* **Directions for this task**
Write out exactly the line containing "#87=CARTESIAN_POINT('',(0.,2.5,0.));" and all lines that come after it in the listing below, through the very last one.
╔══
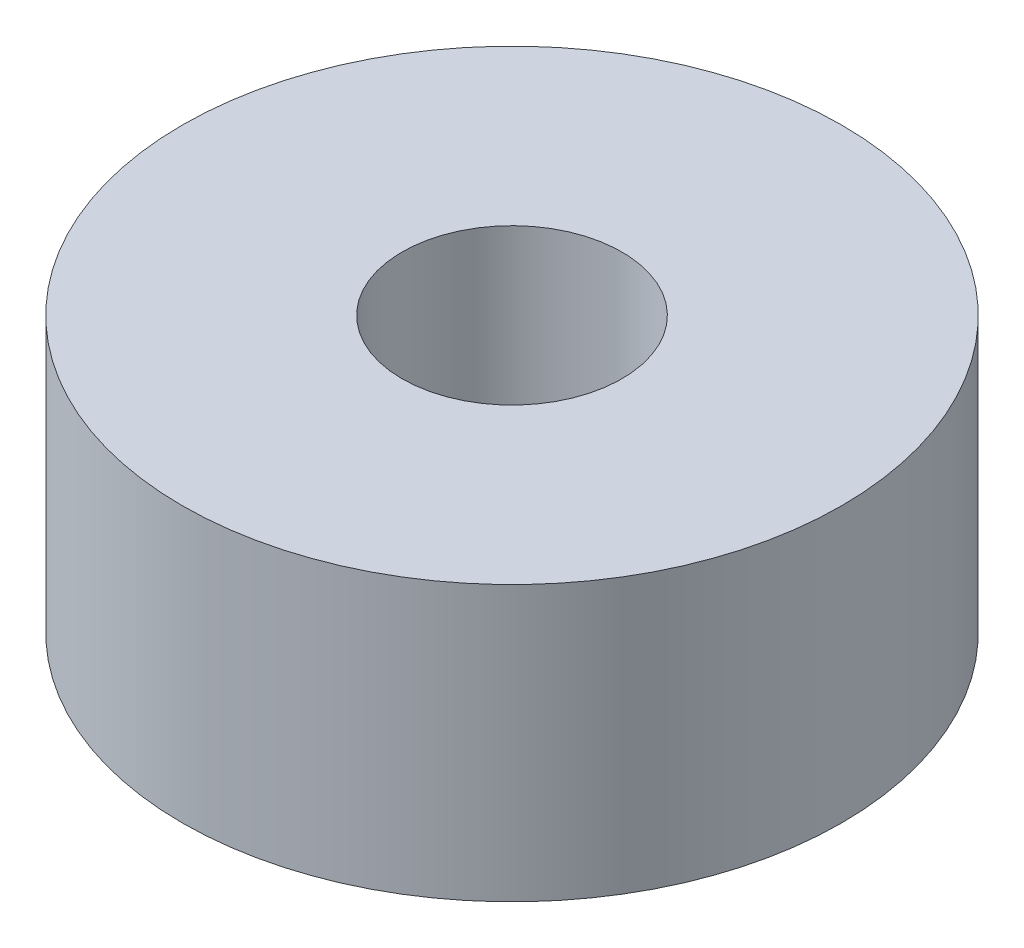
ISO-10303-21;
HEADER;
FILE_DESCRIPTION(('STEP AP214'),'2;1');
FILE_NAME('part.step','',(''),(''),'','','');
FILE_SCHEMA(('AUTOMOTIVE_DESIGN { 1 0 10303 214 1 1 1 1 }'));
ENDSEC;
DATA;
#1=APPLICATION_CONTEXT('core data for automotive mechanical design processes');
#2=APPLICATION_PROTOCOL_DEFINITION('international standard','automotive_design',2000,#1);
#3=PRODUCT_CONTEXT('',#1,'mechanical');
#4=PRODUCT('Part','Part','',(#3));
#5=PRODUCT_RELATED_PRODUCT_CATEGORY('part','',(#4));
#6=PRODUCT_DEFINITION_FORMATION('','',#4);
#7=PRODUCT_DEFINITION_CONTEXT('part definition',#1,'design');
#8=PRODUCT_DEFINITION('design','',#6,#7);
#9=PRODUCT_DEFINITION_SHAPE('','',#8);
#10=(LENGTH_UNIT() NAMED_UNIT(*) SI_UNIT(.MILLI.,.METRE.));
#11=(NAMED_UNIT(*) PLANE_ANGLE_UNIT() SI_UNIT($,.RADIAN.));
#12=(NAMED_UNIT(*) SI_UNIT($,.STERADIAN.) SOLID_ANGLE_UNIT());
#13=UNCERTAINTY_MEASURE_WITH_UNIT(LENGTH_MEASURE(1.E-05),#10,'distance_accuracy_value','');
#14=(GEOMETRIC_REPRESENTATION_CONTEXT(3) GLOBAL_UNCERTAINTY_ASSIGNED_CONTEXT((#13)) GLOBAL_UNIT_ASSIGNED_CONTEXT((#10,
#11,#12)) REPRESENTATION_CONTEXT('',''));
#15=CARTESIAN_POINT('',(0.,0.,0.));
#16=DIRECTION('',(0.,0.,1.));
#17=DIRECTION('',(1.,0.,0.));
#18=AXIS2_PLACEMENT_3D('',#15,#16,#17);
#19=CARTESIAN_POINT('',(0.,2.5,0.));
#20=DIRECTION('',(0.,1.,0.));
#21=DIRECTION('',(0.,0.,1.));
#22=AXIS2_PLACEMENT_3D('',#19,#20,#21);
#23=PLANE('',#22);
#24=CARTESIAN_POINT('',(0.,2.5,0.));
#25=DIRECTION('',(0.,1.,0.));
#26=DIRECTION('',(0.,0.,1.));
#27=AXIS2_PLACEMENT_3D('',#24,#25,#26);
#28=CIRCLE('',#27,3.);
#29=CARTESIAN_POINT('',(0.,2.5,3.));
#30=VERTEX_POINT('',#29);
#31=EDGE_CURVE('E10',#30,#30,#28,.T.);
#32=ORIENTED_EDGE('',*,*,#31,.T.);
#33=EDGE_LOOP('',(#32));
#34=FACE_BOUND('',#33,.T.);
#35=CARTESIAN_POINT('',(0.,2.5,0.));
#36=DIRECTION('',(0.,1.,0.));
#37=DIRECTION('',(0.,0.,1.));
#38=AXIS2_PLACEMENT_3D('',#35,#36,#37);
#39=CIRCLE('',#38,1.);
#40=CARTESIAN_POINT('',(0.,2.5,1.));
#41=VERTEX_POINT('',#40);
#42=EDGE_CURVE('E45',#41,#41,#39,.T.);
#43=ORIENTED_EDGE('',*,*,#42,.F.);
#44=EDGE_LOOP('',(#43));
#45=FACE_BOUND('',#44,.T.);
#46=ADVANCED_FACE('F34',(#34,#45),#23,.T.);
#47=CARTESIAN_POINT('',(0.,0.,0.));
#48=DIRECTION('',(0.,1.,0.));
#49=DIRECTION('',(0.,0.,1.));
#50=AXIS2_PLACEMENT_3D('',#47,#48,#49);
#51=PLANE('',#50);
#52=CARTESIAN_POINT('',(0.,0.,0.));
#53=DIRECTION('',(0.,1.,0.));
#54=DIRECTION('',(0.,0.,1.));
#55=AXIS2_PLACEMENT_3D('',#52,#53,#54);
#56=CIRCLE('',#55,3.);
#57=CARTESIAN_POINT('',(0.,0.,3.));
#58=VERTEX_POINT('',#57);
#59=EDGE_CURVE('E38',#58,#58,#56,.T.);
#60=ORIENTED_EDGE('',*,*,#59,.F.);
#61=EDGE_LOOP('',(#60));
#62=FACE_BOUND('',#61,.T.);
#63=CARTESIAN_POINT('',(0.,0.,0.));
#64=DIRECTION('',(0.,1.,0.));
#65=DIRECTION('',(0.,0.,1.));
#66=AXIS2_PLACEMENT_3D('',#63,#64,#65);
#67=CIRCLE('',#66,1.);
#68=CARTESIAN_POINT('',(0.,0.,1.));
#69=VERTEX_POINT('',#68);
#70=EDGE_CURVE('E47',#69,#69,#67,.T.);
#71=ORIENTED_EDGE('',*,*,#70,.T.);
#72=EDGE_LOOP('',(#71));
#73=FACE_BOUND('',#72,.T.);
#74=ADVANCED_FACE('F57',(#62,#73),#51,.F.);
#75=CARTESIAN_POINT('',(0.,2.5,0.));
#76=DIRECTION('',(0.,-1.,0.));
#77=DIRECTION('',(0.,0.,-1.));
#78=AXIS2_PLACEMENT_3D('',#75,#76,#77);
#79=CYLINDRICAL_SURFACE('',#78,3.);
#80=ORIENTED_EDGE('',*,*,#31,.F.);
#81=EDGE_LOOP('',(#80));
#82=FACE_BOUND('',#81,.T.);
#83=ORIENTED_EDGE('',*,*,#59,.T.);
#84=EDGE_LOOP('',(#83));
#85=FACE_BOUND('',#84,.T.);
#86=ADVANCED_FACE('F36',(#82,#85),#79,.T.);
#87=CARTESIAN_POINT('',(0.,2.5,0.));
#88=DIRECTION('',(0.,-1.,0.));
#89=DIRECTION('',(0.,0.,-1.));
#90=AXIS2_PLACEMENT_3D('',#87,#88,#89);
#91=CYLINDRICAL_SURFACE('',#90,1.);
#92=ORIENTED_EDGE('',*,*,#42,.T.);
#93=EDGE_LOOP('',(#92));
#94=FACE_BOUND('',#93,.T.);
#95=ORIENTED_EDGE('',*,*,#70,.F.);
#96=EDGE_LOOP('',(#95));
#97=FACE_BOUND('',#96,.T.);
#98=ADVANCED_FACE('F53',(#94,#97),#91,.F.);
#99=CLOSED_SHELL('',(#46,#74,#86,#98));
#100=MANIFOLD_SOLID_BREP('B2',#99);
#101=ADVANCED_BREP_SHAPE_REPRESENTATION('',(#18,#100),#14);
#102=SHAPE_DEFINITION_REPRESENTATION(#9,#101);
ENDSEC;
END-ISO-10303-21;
╚══
* **Task output**
#87=CARTESIAN_POINT('',(0.,2.5,0.));
#88=DIRECTION('',(0.,-1.,0.));
#89=DIRECTION('',(0.,0.,-1.));
#90=AXIS2_PLACEMENT_3D('',#87,#88,#89);
#91=CYLINDRICAL_SURFACE('',#90,1.);
#92=ORIENTED_EDGE('',*,*,#42,.T.);
#93=EDGE_LOOP('',(#92));
#94=FACE_BOUND('',#93,.T.);
#95=ORIENTED_EDGE('',*,*,#70,.F.);
#96=EDGE_LOOP('',(#95));
#97=FACE_BOUND('',#96,.T.);
#98=ADVANCED_FACE('F53',(#94,#97),#91,.F.);
#99=CLOSED_SHELL('',(#46,#74,#86,#98));
#100=MANIFOLD_SOLID_BREP('B2',#99);
#101=ADVANCED_BREP_SHAPE_REPRESENTATION('',(#18,#100),#14);
#102=SHAPE_DEFINITION_REPRESENTATION(#9,#101);
ENDSEC;
END-ISO-10303-21;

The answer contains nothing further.